## [TASK]
From the data below, return each line in which the string "mapping" is found.

☆ ☆ ☆ ☆ ☆

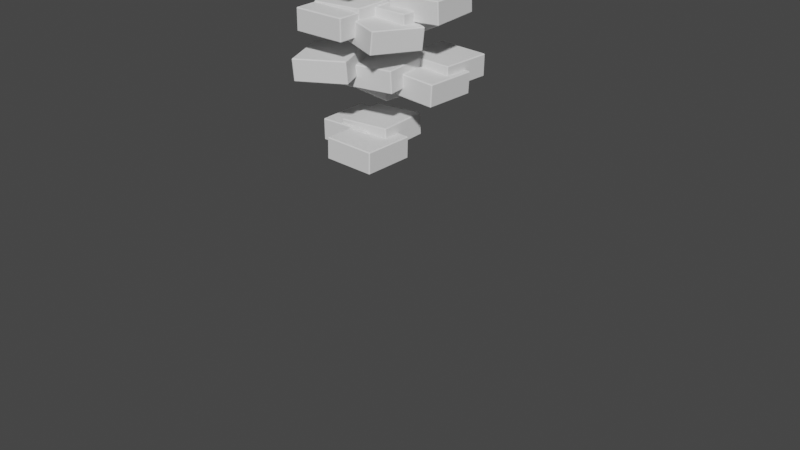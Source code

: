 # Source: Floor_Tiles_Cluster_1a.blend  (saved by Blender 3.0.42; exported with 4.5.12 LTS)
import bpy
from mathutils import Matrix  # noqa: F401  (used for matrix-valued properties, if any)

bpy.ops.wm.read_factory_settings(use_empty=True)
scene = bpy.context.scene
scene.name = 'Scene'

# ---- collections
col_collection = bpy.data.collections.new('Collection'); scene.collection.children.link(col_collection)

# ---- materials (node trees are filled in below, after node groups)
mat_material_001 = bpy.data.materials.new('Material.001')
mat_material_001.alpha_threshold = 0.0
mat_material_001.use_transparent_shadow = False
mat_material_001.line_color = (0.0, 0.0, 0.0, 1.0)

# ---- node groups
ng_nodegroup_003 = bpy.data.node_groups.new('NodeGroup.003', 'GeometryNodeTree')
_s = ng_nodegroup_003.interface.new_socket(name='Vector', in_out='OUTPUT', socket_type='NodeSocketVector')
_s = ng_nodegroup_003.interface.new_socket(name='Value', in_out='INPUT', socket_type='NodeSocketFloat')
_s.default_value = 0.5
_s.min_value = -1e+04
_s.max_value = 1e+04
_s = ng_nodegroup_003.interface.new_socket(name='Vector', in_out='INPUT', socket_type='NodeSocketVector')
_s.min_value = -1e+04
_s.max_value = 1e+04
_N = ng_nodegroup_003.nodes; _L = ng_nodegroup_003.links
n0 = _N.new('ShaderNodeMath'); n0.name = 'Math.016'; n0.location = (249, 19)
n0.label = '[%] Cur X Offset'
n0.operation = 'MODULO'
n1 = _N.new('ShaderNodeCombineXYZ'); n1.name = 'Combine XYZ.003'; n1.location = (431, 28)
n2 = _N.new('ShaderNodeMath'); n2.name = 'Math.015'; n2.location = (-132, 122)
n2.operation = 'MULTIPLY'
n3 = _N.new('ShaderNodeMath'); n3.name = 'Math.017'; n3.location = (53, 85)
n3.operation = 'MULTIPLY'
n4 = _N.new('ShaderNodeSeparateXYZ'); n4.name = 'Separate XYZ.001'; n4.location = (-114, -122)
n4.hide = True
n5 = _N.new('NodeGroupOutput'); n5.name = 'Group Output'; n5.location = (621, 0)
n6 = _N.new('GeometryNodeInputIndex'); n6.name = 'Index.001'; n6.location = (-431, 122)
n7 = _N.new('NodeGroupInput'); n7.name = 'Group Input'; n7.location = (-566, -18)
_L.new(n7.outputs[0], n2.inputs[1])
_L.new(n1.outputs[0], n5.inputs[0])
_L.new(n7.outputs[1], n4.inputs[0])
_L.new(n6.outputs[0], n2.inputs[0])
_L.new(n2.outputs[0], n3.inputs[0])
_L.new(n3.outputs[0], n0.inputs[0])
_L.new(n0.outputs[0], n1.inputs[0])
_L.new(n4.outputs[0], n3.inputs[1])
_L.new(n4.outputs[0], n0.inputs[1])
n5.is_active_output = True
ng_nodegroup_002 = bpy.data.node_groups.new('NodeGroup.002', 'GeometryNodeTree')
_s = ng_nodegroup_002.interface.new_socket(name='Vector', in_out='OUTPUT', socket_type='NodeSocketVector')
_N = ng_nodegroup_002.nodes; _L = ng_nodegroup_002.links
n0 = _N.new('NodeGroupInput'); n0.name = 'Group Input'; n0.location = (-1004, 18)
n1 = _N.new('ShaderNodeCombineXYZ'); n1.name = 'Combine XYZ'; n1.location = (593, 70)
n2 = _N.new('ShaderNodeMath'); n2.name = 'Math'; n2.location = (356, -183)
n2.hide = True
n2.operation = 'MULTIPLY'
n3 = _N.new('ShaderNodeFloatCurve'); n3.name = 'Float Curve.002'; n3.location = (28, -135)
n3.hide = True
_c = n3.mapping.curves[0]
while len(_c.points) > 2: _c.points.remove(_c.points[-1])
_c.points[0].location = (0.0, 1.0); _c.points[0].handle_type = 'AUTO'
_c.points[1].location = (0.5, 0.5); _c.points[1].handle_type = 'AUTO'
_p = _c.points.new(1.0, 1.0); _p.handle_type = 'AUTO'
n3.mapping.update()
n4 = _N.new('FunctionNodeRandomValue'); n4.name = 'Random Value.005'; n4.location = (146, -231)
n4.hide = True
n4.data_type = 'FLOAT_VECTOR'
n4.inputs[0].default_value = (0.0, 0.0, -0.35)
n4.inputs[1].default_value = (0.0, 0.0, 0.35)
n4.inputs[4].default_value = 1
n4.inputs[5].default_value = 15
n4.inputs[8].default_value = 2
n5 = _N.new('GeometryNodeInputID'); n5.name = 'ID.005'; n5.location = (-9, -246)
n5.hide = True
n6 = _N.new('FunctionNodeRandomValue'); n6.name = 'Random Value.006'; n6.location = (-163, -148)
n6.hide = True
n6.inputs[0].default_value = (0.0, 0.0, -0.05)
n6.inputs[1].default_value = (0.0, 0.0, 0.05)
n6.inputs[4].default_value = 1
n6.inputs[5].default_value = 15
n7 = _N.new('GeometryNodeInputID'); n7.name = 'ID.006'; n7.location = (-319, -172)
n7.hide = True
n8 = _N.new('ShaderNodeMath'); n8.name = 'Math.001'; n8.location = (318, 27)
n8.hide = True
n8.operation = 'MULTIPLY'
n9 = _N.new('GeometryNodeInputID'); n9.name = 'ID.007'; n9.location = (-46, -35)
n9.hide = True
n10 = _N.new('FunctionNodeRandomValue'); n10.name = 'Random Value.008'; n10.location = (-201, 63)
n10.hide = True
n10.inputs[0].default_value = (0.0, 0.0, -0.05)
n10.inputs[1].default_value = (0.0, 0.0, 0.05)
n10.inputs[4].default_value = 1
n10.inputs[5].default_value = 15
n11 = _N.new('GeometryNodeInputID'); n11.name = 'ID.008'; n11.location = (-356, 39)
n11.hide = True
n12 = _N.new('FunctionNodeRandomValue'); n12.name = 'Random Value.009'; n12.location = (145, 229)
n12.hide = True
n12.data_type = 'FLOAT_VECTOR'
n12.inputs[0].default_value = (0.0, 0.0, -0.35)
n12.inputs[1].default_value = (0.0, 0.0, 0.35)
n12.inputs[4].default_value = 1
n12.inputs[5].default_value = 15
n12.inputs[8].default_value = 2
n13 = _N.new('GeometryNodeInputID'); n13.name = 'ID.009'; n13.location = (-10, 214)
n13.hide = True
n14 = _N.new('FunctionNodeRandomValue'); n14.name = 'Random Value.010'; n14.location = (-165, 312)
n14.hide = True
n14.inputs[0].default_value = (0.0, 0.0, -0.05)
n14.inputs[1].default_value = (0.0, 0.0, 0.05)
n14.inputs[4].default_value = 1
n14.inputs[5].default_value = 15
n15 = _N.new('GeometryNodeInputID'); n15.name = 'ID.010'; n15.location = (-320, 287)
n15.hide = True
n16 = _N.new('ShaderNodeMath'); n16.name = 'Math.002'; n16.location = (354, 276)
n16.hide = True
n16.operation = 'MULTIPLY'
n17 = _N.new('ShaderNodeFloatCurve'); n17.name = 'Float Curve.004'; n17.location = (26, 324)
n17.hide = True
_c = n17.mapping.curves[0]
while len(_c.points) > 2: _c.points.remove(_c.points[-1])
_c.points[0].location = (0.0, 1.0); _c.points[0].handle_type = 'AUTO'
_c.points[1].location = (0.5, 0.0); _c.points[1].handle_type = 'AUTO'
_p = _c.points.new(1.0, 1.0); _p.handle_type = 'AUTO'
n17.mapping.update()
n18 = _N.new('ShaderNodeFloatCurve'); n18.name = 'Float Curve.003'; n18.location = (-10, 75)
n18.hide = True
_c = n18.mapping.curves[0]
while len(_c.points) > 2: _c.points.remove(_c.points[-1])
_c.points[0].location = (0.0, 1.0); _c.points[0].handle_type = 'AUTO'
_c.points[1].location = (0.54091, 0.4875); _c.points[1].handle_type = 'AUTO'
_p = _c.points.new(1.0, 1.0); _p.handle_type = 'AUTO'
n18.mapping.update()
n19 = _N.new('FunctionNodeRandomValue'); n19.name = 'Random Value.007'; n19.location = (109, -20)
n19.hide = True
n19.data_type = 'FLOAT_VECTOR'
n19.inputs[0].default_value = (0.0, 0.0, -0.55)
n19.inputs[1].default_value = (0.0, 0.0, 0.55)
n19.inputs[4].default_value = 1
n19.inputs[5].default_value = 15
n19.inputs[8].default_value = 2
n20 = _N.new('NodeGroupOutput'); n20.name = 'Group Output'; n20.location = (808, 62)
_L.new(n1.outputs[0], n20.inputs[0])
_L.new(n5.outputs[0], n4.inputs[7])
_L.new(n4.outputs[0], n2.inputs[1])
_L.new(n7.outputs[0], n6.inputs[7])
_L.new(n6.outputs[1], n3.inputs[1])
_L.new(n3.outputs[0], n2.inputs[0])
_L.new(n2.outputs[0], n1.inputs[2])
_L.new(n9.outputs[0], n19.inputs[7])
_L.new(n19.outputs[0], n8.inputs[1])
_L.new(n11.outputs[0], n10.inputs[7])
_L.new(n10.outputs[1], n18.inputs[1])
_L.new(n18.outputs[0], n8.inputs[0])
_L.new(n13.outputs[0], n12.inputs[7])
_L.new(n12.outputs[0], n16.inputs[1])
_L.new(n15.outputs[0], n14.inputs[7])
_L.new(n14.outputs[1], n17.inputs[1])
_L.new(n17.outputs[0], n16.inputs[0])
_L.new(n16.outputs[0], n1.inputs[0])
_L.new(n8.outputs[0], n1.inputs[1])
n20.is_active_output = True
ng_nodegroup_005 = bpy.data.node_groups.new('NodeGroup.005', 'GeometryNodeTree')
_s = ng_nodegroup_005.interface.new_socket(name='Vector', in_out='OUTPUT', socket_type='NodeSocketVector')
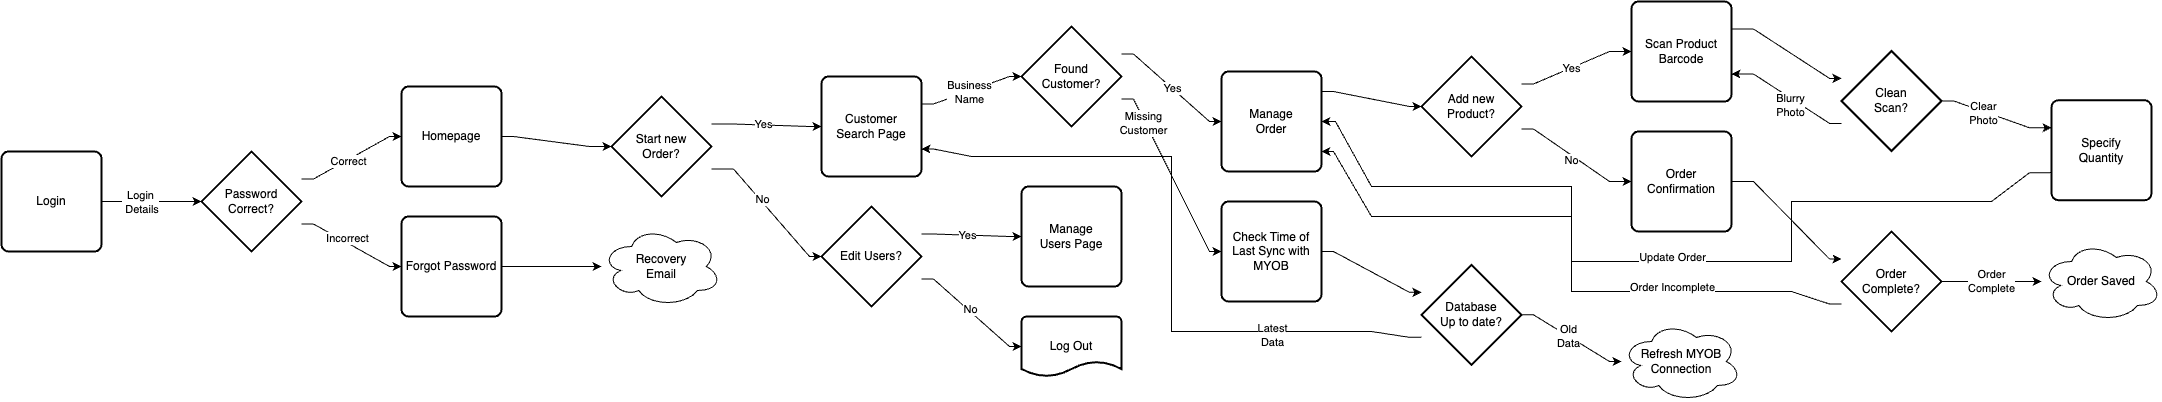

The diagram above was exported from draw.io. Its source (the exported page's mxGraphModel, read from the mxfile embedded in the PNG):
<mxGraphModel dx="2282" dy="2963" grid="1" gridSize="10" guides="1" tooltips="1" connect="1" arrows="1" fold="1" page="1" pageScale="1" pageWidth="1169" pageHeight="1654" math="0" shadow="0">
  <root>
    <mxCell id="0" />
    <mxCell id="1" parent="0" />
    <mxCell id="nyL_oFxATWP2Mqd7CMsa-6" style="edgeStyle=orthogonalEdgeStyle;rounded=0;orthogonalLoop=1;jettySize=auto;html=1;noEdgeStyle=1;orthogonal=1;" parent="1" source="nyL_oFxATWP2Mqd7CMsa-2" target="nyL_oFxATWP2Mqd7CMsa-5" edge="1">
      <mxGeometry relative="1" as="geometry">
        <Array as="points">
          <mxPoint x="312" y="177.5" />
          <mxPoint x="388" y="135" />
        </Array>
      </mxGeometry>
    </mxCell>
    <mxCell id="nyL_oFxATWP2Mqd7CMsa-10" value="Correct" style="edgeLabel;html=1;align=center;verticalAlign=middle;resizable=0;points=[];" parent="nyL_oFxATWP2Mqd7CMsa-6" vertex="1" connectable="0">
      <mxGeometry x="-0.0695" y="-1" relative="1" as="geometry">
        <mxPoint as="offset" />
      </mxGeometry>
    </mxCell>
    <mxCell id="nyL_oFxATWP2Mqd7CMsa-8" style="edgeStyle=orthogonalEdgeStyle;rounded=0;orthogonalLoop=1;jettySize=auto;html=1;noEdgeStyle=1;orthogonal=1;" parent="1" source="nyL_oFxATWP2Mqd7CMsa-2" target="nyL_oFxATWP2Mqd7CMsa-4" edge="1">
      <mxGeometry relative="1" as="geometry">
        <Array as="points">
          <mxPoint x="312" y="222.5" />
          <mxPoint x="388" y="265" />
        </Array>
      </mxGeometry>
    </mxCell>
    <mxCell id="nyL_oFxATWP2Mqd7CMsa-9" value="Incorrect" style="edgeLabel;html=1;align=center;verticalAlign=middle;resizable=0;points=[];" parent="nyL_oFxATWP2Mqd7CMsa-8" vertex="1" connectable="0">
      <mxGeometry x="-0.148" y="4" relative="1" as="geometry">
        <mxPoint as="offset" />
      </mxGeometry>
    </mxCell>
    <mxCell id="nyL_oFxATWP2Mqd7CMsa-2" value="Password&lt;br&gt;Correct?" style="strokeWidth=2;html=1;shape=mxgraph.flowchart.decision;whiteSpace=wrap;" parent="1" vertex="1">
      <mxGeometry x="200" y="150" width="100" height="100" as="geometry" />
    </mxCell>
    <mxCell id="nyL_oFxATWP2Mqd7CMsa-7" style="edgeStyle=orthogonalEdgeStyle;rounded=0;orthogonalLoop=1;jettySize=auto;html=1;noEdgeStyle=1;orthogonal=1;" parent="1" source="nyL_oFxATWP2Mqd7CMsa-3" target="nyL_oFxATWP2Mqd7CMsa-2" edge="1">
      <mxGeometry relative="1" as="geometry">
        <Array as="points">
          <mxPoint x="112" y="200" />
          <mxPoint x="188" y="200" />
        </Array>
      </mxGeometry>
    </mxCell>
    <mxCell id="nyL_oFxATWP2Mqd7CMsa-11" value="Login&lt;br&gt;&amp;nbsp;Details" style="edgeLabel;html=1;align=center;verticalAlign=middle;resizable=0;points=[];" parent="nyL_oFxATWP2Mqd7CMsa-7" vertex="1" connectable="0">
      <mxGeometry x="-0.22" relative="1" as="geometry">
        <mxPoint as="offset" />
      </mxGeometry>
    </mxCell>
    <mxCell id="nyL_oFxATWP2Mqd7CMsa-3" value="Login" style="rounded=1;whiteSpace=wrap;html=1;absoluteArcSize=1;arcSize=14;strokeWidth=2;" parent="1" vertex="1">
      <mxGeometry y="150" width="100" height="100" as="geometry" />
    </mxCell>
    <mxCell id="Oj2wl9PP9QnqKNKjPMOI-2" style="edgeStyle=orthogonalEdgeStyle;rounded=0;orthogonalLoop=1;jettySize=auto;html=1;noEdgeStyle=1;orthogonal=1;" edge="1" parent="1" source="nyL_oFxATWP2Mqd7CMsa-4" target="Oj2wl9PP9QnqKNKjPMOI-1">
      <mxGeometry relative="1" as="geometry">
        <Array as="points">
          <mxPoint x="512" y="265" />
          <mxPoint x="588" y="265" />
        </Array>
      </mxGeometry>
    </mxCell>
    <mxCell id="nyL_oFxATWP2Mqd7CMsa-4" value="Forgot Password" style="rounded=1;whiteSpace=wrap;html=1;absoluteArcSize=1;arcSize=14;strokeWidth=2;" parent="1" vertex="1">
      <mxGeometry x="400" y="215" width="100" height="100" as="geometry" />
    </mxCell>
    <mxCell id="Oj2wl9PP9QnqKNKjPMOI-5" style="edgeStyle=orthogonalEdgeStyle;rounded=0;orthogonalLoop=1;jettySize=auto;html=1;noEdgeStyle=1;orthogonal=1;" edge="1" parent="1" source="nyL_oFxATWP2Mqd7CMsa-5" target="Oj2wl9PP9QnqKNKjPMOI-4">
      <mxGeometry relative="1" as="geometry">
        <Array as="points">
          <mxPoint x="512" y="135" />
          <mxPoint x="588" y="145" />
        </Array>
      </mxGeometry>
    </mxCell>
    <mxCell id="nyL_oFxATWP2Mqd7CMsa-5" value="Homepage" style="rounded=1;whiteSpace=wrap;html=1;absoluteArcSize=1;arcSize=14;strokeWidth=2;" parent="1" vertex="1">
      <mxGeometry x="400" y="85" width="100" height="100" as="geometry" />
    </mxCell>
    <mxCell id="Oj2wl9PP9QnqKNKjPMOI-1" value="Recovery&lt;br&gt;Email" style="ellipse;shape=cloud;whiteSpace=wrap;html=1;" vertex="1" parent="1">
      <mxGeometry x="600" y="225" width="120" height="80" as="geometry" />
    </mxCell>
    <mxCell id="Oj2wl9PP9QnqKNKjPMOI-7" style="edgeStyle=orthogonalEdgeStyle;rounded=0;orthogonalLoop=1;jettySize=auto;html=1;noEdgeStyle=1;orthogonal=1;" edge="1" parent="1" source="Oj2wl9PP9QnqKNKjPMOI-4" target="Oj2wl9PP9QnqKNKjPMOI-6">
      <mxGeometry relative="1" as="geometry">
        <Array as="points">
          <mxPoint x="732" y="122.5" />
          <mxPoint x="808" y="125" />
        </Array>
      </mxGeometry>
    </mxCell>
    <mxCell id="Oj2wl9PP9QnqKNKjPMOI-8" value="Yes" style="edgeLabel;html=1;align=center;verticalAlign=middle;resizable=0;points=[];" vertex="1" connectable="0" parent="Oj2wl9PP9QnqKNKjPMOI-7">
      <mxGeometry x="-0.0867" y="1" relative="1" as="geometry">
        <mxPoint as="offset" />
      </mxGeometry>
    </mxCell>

☆ ☆ ☆ ☆ ☆

## [YOUR RESPONSE]
_c = n3.mapping.curves[0]
n3.mapping.update()
_c = n17.mapping.curves[0]
n17.mapping.update()
_c = n18.mapping.curves[0]
n18.mapping.update()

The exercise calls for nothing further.